Doris Schröder-Kopf: Zwischen Stolz und Ernüchterung

Merkwürdig ist er, der Abend in Hannover. Die Niedersachsen haben das Patt gewählt, der feiern darf und wer jammern muss, ist noch offen. Nur zwei jubeln schon mal: die Schröders.

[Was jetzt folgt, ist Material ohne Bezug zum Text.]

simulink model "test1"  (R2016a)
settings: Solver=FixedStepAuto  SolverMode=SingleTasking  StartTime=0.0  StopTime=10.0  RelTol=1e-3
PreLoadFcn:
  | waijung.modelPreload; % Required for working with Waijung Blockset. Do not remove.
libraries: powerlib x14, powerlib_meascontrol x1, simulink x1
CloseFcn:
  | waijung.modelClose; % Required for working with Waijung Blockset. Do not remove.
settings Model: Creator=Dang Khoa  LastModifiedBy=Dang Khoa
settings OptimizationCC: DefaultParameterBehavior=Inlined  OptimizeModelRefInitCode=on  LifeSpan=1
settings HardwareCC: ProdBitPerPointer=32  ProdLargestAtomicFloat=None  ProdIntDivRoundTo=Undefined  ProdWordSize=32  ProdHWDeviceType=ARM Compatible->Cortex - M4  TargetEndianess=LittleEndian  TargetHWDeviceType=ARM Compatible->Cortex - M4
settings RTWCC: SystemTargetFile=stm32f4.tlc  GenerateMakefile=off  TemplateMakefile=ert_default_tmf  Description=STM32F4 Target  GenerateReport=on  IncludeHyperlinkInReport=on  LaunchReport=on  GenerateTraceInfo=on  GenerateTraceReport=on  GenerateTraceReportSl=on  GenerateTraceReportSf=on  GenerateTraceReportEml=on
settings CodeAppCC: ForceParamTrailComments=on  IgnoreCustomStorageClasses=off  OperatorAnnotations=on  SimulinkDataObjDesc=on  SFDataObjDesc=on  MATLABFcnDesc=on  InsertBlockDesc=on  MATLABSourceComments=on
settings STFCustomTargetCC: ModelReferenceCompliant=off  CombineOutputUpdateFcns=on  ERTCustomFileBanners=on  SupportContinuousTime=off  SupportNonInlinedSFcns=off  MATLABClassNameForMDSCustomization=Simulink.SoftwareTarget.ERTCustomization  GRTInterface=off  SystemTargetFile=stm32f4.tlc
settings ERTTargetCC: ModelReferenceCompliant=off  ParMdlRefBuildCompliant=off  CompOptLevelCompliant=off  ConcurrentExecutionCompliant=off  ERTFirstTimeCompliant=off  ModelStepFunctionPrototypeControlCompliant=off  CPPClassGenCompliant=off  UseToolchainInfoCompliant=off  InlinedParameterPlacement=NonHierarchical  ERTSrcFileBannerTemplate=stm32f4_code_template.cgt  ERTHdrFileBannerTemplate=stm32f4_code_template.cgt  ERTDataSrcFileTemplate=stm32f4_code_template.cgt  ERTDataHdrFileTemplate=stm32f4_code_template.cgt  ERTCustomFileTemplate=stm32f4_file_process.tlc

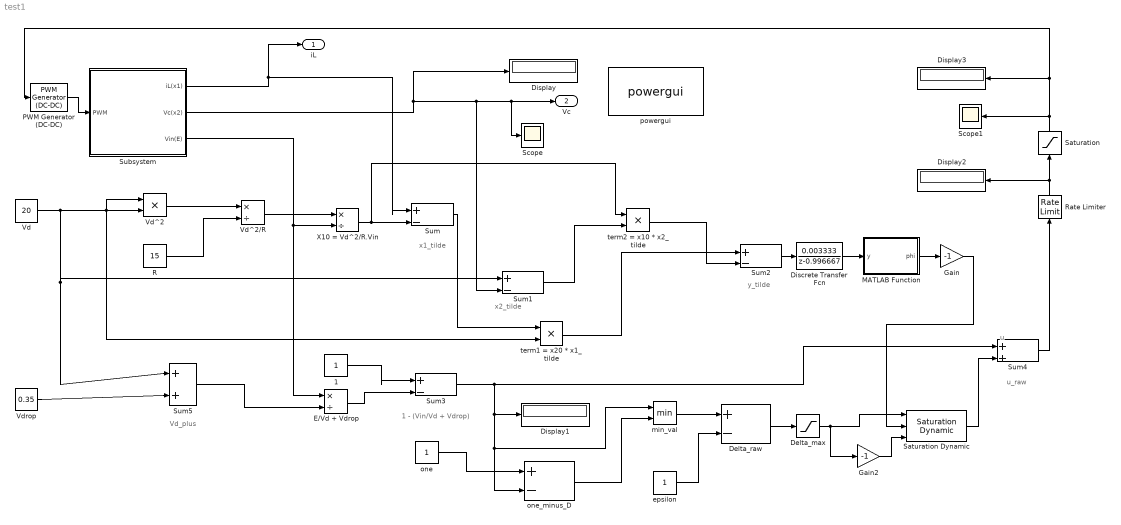
== system test1 ==
  note: Vd_plus
  note: u_raw
  note: u
  note: 1 - (Vin/Vd + Vdrop)
  note: x1_tilde
  note: x2_tilde
  note: y_tilde
  "1 " : Constant
  Delta_max : Saturate  UpperLimit=inf  LowerLimit=0
  Delta_raw : Sum  Inputs=+-
  Discrete Transfer Fcn : DiscreteTransferFcn  Numerator=[0.003333]  Denominator=[1 -0.996667]  SampleTime=5e-6
  Display{,1..3} (4 alike) : Display
  E/Vd + Vdrop : Product  Inputs=*/
  Gain : Gain  Gain=-1
  Gain2 : Gain  Gain=-1
  MATLAB Function : MATLAB Function  TreatAsAtomicUnit=on
  PWM Generator (DC-DC) : powerlib_meascontrol/Pulse & Signal Generators/PWM Generator (DC-DC)  Fsw=20000  Ts=5e-6
  R : Constant  Value=15
  Rate Limiter : RateLimiter  RisingSlewLimit=0.5  FallingSlewLimit=-0.5  SampleTimeMode=inherited
  Saturation : Saturate  UpperLimit=1  LowerLimit=0
  Saturation Dynamic : simulink/Discontinuities/Saturation Dynamic  OutMin=[]  OutMax=[]  OutDataTypeStr=Inherit: Same as second input  OutDataType=fixdt(1, 16)  OutScaling=2^-10  DoSatur=off
  Scope : Scope
  Scope1 : Scope
  Subsystem : Subsystem
  Sum{,1..3} (4 alike) : Sum  Inputs=|+-
  Sum4 : Sum  Inputs=|++
  Sum5 : Sum  Inputs=|++
  Vd : Constant  Value=20
  Vd^2 : Product
  Vd^2/R : Product  Inputs=*/
  Vdrop : Constant  Value=0.35
  X10 = Vd^2/R.Vin : Product  Inputs=*/
  epsilon : Constant
  min_val : MinMax  Inputs=2
  one : Constant
  one_minus_D : Sum  Inputs=+-
  powergui : powerlib/powergui  Priority=1  SimulationMode=Discrete  SolverType=Tustin/Backward Euler (TBE)  SampleTime=5e-6  frequency=60  SPID=off  DisableSnubberDevices=off  DisableRonSwitches=off  DisableVfSwitches=off  SwTol=0  DisplayEquations=off  Interpol=off  ExternalGateDelay=off  methode=off  Ts=10  FunctionMessages=off  echomessages=off  HookPort=off  EnableUseOfTLC=off  x0status=blocks  frequencyindice=0  Pbase=100e6  ErrMax=1e-4  Iterations=50  UnitsV=kV  UnitsW=MW  buscounter=0  RestoreLinks=warning  ResistiveCurrentMeasurement=off  Frange=[0:2:500]  Ylog=off  Xlog=on  ShowGrid=off  save=off  variable=ZData  structure=0  ZoomFFT=off  StartTime=0.0  cycles=1  DisplayStyle=1  fundamental=60  FreqAxis=off  MaxFrequency=1000  frequencyindicesteady=1  RmsSteady=1  display=off
  term1 = x20 * x1_tilde : Product
  term2 = x10 * x2_tilde : Product
  iL : Outport
  Vc : Outport  Port=2
  wires:
  PWM Generator (DC-DC)/1 -> Subsystem/1(PWM)
  Subsystem/1(iL(x1)) -> iL/1, Sum/1
  Vd/1 -> Sum1/1, Sum5/1, term1 = x20 * x1_tilde/2, Vd^2/1, Vd^2/2
  Vd^2/1 -> Vd^2/R/1
  R/1 -> Vd^2/R/2
  Vd^2/R/1 -> X10 = Vd^2/R.Vin/1
  Subsystem/3(Vin(E)) -> E/Vd + Vdrop/1, X10 = Vd^2/R.Vin/2
  X10 = Vd^2/R.Vin/1 -> term2 = x10 * x2_tilde/1, Sum/2
  Subsystem/2(Vc(x2)) -> Display/1, Sum1/2, Scope/1, Vc/1
  Sum/1 -> term1 = x20 * x1_tilde/1
  Sum1/1 -> term2 = x10 * x2_tilde/2
  term1 = x20 * x1_tilde/1 -> Sum2/1
  term2 = x10 * x2_tilde/1 -> Sum2/2
  MATLAB Function/1(phi) -> Gain/1
  "1 "/1 -> Sum3/1
  E/Vd + Vdrop/1 -> Sum3/2
  Sum3/1 -> Sum4/1, min_val/1, one_minus_D/2, Display1/1
  one/1 -> one_minus_D/1
  one_minus_D/1 -> min_val/2
  min_val/1 -> Delta_raw/1
  epsilon/1 -> Delta_raw/2
  Delta_raw/1 -> Delta_max/1
  Delta_max/1 -> Gain2/1, Saturation Dynamic/1
  Gain2/1 -> Saturation Dynamic/3
  Saturation Dynamic/1 -> Sum4/2
  Gain/1 -> Saturation Dynamic/2
  Sum2/1 -> Discrete Transfer Fcn/1
  Discrete Transfer Fcn/1 -> MATLAB Function/1(y)
  Vdrop/1 -> Sum5/2
  Sum5/1 -> E/Vd + Vdrop/2
  Sum4/1 -> Rate Limiter/1
  Rate Limiter/1 -> Saturation/1, Display2/1
  Saturation/1 -> Display3/1, PWM Generator (DC-DC)/1, Scope1/1

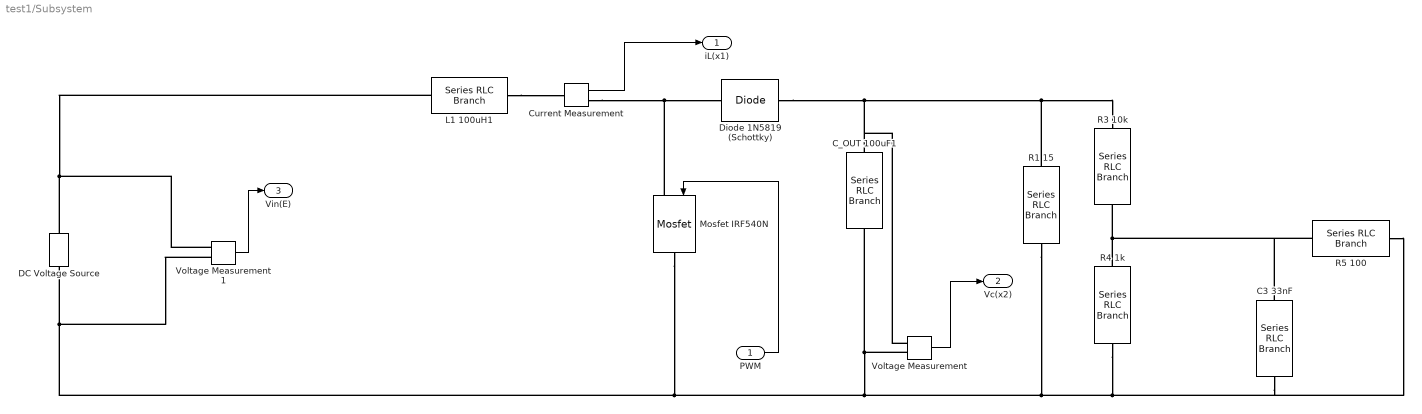
== system test1/Subsystem ==
  PWM : Inport
  C3 33nF : powerlib/Elements/Series RLC Branch  LConnTagsString=__new0  RConnTagsString=__new0  BranchType=C  Resistance=1  Inductance=1e-3  SetiL0=off  InitialCurrent=0  Capacitance=33e-9  Setx0=off  InitialVoltage=0  Measurements=None
  C_OUT 100uF1 : powerlib/Elements/Series RLC Branch  LConnTagsString=__new0  RConnTagsString=__new0  BranchType=C  Resistance=1  Inductance=1e-3  SetiL0=off  InitialCurrent=0  Capacitance=470e-6  Setx0=off  InitialVoltage=0  Measurements=None
  Current Measurement : powerlib/Measurements/Current Measurement  PhasorSimulation=off  OutputType=Complex  PSBequivalent=0
  DC Voltage Source : powerlib/Electrical Sources/DC Voltage Source  Amplitude=15  Measurements=None
  Diode 1N5819 (Schottky) : powerlib/Power Electronics/Diode  Ron=0.05  Lon=0  Vf=0.45  IC=0  UseSnubber=off  Rs=500  Cs=250e-12  Measurements=off
  L1 100uH1 : powerlib/Elements/Series RLC Branch  LConnTagsString=__new0  RConnTagsString=__new0  BranchType=L  Resistance=1  Inductance=100e-6  SetiL0=off  InitialCurrent=0  Capacitance=1e-6  Setx0=off  InitialVoltage=0  Measurements=None
  Mosfet IRF540N : powerlib/Power Electronics/Mosfet  Ron=0.01  Lon=0  Rd=0.01  Vfd=0  IC=0  Rs=inf  Cs=inf  Measurements=off
  R1 15 : powerlib/Elements/Series RLC Branch  LConnTagsString=__new0  RConnTagsString=__new0  BranchType=R  Resistance=10  Inductance=1e-3  SetiL0=off  InitialCurrent=0  Capacitance=1e-6  Setx0=off  InitialVoltage=0  Measurements=None
  R3 10k : powerlib/Elements/Series RLC Branch  LConnTagsString=__new0  RConnTagsString=__new0  BranchType=R  Resistance=100000  Inductance=1e-3  SetiL0=off  InitialCurrent=0  Capacitance=1e-6  Setx0=off  InitialVoltage=0  Measurements=None
  R4 1k : powerlib/Elements/Series RLC Branch  LConnTagsString=__new0  RConnTagsString=__new0  BranchType=R  Resistance=10000  Inductance=1e-3  SetiL0=off  InitialCurrent=0  Capacitance=1e-6  Setx0=off  InitialVoltage=0  Measurements=None
  R5 100 : powerlib/Elements/Series RLC Branch  LConnTagsString=__new0  RConnTagsString=__new0  BranchType=R  Resistance=100  Inductance=1e-3  SetiL0=off  InitialCurrent=0  Capacitance=1e-6  Setx0=off  InitialVoltage=0  Measurements=None
  Voltage Measurement : powerlib/Measurements/Voltage Measurement  PhasorSimulation=off  OutputType=Complex  PSBequivalent=0
  Voltage Measurement1 : powerlib/Measurements/Voltage Measurement  PhasorSimulation=off  OutputType=Complex  PSBequivalent=0
  iL(x1) : Outport
  Vc(x2) : Outport  Port=2
  Vin(E) : Outport  Port=3
  wires:
  Voltage Measurement/1 -> Vc(x2)/1
  Voltage Measurement1/1 -> Vin(E)/1
  Current Measurement/1 -> iL(x1)/1
  PWM/1 -> Mosfet IRF540N/1
  connections:
  R4 1k/LConn1 -- C3 33nF/LConn1 -- R5 100/LConn1 -- R3 10k/RConn1
  Voltage Measurement/LConn2 -- C_OUT 100uF1/RConn1 -- R4 1k/RConn1 -- C3 33nF/RConn1 -- R5 100/RConn1 -- R1 15/RConn1 -- Mosfet IRF540N/RConn1 -- Voltage Measurement1/LConn2 -- DC Voltage Source/LConn1
  Mosfet IRF540N/LConn1 -- Diode 1N5819 (Schottky)/LConn1 -- Current Measurement/RConn1
  Diode 1N5819 (Schottky)/RConn1 -- C_OUT 100uF1/LConn1 -- Voltage Measurement/LConn1 -- R1 15/LConn1 -- R3 10k/LConn1
  DC Voltage Source/RConn1 -- L1 100uH1/LConn1 -- Voltage Measurement1/LConn1
  L1 100uH1/RConn1 -- Current Measurement/LConn1

== matlab function test1/MATLAB Function ==
  data: y input; phi output
function phi = PBCphi(y)
a1 = 1; 
a2 = 0.5; 
a3 = 0.02;   % đúng PL2, bạn giữ/tune được
phi = a1*y + a2*y^3 + a3*y^5;
end

Bis gegen 20 Uhr hat Gerhard Schröder, Altkanzler und ehemaliger Ministerpräsident von Niedersachsen, zu Hause ausgeharrt, hat die Wahl gemeinsam mit der Schwiegermutter und Freunden vor dem Fernseher verfolgt. Dann, als das Pendel doch in Richtung Rot-Grün auszuschlagen scheint, kommt er ein paar Minuten nach seiner Frau Doris Schröder-Köpf zur Wahlparty der Sozialdemokraten in das Alte Rathaus in Hannovers Innenstadt, einen Steinwurf vom Landtag entfernt. Zur gleichen Zeit macht sich der SPD-Spitzenkandidat Stephan Weil von seinem Interviewmarathon im Landtag in Richtung Rathaus auf. Im Vorbeischlendern sagt er, „ganz ehrlich, ich bin zufrieden, weil ich denke, dass ich alles getan habe, was ich tun konnte“. Gerhard Schröder sieht das ähnlich, Weil habe „herausragend gekämpft“, und er habe jetzt nichts zu beanstanden, sagt er. Doris Schröder-Köpf , die neben ihm steht, weiß in diesem Moment, dass ihr eigener Wahlkreis verloren gegangen ist, trotzdem wird sie über die Landesliste sicher in den Landtag einziehen. Schröder lächelt sein Kanzler-Lächeln und findet: „Bei der letzten Wahl hatte der CDU- Mann zehn Prozent Vorsprung, jetzt sind es nur noch sechs. Das ist ein persönlicher Sieg meiner Frau.“ Auf der Bühne sagt Schröder später, Weil müsse das schaffen, denn er wolle „endlich mal wieder in die Staatskanzlei gehen“. Schröder-Köpf, die Integrationsbeauftragte in einer Regierung Weil werden würde, ist im SPD-Team im Prinzip die einzig wirklich prominente Kandidatin. Kurz vor 21 Uhr, als immer noch nicht klar ist, ob es vielleicht doch zu Rot-Grün reicht, wiederholt sie das, was sie schon in der Nacht zum Sonntag in einer Kneipe in ihrem Wahlkreis gesagt hat: „Ich habe ein gutes Gefühl. Wir schaffen das.“ Es ist ein Abend mit völlig unterschiedlichen Gefühlslagen. Niemand kann sich daran erinnern, wann eine Wahl zuletzt so kurios und knapp war. Bei den Parteien und ihren Mitgliedern wechselt Jubel und Trauer, Stolz und Ernüchterung stündlich, so dicht liegen die Lager beieinander.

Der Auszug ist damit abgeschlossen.